Tips for Boating with Your Dog

  • Dog
  • Tips
  • What to Expect
Corgi dog on boat with GO! bag

Are you thinking of going boating this summer? Having the opportunity to get out on the water is fun for the whole family–even your four-legged family members! Dogs and boats can be a fun combo but bringing dogs on a boat requires special precautions and preparations to ensure your canine friend is happy and safe.

Prior to setting sail, you’ll need to ensure you teach your dog safety precautions and be prepared for all circumstances, just as you would with humans. But don't be overwhelmed! Here are some tips on how to safely boat with your canine companion.

Make sure your dog knows how to swim

Believe it or not, not all dogs are natural swimmers. Some don’t even like the water. That’s why it’s best to teach your dog how to swim before you take them boating. Even if you aren’t planning to get in the water, accidents can happen. It’s important to know that if your dog accidentally falls (or jumps) overboard, they can keep themselves afloat until you can get them back into the boat or safely to shore.

There are some places that do offer doggie swimming lessons, or if you have a pool at home, teach them yourself. At the end of the day, ensuring they are confident and comfortable in the water is going to be vital.

Read more: Teaching Your Dog How to Swim Blog

Getting on and off the boat

Getting on and off the boat can be the hardest part of the day for dogs to handle, as their anxieties or hesitance to move from the dock to the boat (and vice versa) over rushing water may make them uncomfortable and uneasy and you pose a risk of having them slip.

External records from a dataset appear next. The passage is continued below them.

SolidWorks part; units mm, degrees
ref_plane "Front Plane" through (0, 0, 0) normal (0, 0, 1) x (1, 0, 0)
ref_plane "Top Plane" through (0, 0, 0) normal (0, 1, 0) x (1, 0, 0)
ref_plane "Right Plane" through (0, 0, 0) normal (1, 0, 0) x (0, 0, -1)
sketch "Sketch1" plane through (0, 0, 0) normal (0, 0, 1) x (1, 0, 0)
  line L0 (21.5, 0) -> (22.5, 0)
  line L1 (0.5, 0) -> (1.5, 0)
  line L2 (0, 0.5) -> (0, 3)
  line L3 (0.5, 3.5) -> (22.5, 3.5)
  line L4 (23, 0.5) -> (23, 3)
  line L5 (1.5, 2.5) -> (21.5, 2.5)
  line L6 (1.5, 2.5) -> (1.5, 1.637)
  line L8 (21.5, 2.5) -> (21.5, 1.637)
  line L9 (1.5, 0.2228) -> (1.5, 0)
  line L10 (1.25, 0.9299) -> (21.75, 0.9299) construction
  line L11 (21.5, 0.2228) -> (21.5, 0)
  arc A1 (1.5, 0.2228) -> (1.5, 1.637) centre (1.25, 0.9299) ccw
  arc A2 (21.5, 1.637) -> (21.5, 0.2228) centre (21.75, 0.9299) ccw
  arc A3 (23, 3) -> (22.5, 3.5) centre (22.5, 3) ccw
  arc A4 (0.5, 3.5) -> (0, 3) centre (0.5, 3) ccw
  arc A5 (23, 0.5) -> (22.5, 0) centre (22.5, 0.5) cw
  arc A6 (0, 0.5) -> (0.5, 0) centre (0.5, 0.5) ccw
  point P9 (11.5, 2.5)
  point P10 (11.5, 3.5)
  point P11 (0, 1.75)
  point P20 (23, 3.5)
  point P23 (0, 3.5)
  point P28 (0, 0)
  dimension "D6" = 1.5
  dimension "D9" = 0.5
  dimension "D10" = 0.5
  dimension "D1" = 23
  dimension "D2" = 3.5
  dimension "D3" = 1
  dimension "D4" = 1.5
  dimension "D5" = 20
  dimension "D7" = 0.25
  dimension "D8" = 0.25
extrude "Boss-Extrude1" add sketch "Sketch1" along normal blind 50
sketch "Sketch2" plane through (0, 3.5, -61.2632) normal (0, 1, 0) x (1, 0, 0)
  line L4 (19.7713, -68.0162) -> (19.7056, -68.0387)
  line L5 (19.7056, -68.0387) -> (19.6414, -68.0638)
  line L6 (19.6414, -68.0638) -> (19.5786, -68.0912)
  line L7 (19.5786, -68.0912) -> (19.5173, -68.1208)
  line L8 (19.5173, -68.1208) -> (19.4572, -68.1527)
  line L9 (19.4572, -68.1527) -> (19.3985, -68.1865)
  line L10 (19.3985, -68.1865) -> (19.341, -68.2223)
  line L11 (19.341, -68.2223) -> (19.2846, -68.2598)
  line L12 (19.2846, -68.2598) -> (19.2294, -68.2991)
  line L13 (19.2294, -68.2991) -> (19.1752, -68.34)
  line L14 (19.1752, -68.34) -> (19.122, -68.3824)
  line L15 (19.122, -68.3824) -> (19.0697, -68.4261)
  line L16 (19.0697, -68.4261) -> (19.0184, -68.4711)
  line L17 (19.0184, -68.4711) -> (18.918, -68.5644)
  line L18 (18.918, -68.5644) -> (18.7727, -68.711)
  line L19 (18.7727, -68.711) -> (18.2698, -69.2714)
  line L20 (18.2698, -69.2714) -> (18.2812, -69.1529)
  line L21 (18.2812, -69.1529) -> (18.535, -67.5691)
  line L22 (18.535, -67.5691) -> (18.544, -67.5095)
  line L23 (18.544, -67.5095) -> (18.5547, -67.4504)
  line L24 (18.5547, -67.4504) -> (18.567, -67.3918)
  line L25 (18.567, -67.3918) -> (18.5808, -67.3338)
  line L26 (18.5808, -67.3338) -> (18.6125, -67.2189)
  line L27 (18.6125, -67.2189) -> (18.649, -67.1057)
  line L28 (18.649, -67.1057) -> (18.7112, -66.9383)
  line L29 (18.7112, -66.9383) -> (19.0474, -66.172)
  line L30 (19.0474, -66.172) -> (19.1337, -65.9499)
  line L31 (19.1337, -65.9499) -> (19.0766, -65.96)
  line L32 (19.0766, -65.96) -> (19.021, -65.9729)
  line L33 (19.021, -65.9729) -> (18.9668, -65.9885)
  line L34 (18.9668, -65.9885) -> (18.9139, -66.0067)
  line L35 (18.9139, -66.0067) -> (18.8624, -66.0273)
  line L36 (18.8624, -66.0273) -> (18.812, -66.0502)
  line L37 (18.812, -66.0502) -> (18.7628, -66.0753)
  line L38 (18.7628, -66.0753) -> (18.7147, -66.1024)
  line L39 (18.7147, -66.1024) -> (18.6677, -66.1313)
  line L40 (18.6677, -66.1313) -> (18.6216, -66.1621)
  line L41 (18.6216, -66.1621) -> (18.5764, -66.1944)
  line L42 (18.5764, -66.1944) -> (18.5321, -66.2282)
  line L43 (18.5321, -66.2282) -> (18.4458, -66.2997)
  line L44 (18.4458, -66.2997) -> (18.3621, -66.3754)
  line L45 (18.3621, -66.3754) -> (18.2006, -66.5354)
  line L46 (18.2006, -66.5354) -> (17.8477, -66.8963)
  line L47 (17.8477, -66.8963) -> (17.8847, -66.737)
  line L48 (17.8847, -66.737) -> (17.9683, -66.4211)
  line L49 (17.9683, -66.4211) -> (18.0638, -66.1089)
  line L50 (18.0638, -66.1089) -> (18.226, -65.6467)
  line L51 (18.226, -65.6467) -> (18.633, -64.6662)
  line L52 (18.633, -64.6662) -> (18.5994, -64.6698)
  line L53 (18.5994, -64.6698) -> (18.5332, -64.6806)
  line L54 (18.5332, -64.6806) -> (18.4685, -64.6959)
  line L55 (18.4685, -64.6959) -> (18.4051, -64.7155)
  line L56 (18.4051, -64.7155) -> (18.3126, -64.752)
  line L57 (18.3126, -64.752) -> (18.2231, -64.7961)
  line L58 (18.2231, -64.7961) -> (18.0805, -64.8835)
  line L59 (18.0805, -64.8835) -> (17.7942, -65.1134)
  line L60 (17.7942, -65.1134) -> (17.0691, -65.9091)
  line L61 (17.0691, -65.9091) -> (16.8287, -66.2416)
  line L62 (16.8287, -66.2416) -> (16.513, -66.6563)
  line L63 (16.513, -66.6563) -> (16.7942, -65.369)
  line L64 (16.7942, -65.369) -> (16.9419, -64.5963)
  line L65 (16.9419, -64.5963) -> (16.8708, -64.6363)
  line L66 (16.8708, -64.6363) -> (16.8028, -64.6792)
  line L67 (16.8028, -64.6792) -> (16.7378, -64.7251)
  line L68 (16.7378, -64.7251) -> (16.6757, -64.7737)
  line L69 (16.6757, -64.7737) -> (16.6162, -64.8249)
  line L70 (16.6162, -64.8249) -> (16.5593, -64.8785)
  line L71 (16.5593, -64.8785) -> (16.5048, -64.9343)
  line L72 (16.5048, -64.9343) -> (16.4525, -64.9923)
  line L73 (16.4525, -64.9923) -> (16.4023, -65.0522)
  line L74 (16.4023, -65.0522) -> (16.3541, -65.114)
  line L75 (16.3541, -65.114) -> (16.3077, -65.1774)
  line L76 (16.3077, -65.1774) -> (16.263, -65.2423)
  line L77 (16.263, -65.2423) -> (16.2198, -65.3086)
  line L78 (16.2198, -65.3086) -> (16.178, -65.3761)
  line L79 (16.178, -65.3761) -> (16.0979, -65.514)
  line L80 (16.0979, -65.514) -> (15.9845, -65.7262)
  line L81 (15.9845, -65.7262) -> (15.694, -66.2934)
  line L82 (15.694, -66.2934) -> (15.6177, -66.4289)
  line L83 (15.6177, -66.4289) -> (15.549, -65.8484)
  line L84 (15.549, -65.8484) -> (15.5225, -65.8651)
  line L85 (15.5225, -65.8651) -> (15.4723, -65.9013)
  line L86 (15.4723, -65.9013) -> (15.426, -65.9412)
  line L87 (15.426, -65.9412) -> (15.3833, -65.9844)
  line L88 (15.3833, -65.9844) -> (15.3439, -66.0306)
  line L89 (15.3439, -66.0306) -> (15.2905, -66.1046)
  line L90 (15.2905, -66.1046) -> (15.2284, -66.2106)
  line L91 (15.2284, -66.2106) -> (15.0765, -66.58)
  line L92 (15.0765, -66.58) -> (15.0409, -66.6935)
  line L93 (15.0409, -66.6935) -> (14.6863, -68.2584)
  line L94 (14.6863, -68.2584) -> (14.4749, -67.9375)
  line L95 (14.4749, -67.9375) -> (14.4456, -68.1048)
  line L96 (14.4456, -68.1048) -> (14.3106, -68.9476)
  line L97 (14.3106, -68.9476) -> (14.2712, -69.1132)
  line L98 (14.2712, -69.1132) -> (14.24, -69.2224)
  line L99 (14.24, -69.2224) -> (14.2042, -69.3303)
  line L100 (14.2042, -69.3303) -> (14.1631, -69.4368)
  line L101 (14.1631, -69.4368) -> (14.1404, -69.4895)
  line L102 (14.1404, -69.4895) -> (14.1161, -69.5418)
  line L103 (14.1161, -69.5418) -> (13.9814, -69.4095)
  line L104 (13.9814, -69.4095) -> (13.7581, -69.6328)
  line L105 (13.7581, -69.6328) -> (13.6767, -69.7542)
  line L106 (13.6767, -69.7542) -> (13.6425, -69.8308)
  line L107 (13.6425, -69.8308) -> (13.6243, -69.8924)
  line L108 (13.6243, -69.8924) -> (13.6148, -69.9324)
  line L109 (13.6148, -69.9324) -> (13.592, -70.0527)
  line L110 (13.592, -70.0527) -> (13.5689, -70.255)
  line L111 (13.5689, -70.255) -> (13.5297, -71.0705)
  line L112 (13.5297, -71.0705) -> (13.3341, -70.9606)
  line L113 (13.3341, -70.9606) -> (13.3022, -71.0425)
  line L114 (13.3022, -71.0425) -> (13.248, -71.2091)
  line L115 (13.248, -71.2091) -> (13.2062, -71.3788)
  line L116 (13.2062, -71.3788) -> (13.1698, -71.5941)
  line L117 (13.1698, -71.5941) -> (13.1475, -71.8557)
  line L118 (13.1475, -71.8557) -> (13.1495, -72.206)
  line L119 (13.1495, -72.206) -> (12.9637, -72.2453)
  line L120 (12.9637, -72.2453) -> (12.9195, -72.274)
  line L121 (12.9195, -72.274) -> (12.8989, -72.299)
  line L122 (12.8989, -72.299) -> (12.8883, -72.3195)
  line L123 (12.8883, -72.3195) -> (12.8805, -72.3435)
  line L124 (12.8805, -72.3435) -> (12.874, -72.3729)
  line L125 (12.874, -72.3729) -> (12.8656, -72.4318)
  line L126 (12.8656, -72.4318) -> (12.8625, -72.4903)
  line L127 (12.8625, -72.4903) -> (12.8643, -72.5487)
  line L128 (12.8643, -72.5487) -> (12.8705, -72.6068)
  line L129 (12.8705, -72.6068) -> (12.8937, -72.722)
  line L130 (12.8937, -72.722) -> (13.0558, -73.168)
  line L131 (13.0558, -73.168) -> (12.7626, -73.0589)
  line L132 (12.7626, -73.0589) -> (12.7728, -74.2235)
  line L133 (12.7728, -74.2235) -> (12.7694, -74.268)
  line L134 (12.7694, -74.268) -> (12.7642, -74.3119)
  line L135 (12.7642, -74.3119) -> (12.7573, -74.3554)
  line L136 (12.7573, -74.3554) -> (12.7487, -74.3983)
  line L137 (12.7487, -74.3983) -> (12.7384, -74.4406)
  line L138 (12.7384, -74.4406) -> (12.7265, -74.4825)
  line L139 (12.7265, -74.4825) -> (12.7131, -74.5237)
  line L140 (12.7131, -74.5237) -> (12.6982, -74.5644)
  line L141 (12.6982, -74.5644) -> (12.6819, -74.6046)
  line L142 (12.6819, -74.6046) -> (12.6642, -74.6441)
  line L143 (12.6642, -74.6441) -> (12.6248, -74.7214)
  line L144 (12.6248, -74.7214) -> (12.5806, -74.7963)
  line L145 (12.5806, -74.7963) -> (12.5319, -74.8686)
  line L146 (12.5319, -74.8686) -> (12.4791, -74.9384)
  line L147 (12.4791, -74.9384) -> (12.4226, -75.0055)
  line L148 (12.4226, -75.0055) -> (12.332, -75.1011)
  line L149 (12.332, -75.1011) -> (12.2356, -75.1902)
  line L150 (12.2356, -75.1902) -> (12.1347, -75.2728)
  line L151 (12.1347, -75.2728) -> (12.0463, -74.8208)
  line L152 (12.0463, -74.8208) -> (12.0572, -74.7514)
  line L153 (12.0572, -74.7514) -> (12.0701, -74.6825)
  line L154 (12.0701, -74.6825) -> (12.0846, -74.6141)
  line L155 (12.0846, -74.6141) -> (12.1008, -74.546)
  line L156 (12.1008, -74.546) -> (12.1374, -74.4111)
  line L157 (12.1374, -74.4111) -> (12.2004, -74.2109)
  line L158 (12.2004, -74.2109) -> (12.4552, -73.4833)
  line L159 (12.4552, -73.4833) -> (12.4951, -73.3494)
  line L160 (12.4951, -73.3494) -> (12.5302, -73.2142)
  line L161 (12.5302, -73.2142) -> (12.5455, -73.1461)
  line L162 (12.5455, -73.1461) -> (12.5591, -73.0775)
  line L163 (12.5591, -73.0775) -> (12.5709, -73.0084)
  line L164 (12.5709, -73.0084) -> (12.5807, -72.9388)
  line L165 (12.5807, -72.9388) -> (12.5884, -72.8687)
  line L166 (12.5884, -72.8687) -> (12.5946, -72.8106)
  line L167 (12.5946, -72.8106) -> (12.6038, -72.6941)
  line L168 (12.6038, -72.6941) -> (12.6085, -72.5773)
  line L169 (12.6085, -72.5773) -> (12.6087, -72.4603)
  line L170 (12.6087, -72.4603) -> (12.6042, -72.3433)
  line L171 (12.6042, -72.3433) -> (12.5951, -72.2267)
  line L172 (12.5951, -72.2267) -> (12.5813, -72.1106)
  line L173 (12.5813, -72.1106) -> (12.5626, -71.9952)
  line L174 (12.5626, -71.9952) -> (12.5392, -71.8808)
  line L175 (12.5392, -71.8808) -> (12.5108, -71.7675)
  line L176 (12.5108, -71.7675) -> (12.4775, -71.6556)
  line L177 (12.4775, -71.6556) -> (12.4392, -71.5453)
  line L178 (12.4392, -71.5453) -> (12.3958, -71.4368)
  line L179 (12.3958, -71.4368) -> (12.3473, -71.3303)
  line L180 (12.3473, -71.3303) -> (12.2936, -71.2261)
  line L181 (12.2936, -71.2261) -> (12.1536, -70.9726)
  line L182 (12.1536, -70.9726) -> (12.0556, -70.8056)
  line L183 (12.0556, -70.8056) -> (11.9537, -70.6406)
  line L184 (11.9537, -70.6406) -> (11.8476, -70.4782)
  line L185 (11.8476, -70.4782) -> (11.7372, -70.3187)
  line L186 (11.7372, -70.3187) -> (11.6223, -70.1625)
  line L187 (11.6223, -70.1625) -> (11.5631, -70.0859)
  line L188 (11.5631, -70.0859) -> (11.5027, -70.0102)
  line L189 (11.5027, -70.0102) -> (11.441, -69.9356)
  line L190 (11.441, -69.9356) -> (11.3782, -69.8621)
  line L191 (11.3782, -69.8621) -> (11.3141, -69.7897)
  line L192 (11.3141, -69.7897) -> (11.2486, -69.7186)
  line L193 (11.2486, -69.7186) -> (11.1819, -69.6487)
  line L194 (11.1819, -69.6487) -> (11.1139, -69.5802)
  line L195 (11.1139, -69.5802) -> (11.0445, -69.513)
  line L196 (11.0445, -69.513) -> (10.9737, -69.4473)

If you own a small breed, simply picking them up and carrying them aboard is likely best. If you own a larger breed dog, a boarding ramp or stairs is a perfect solution.

Don’t rush things

Before you set sail, make sure your dog knows what to expect and is comfortable on your vessel. Give them a chance to get on and off the boat while you’re docked so they can get used to their surroundings and spend some time simply at the dock. Then take your dog for a slow ride at first to see how they do. If they’re too nervous, try again another day. The more consistent you are, and at ease, they will be too.

Life jacket

Keeping your dog afloat in the water by making him wear a personal floatation device (PFD) whenever he’s on the boat (or near water) is a great way to keep him safe in case of an accident. A life jacket that gives a dog extra buoyancy should have "lifting handles" that enable you to haul the dog back aboard. It's also important for your pup to try on a life jacket before you buy it. They come in many shapes and sizes based on their breed and size.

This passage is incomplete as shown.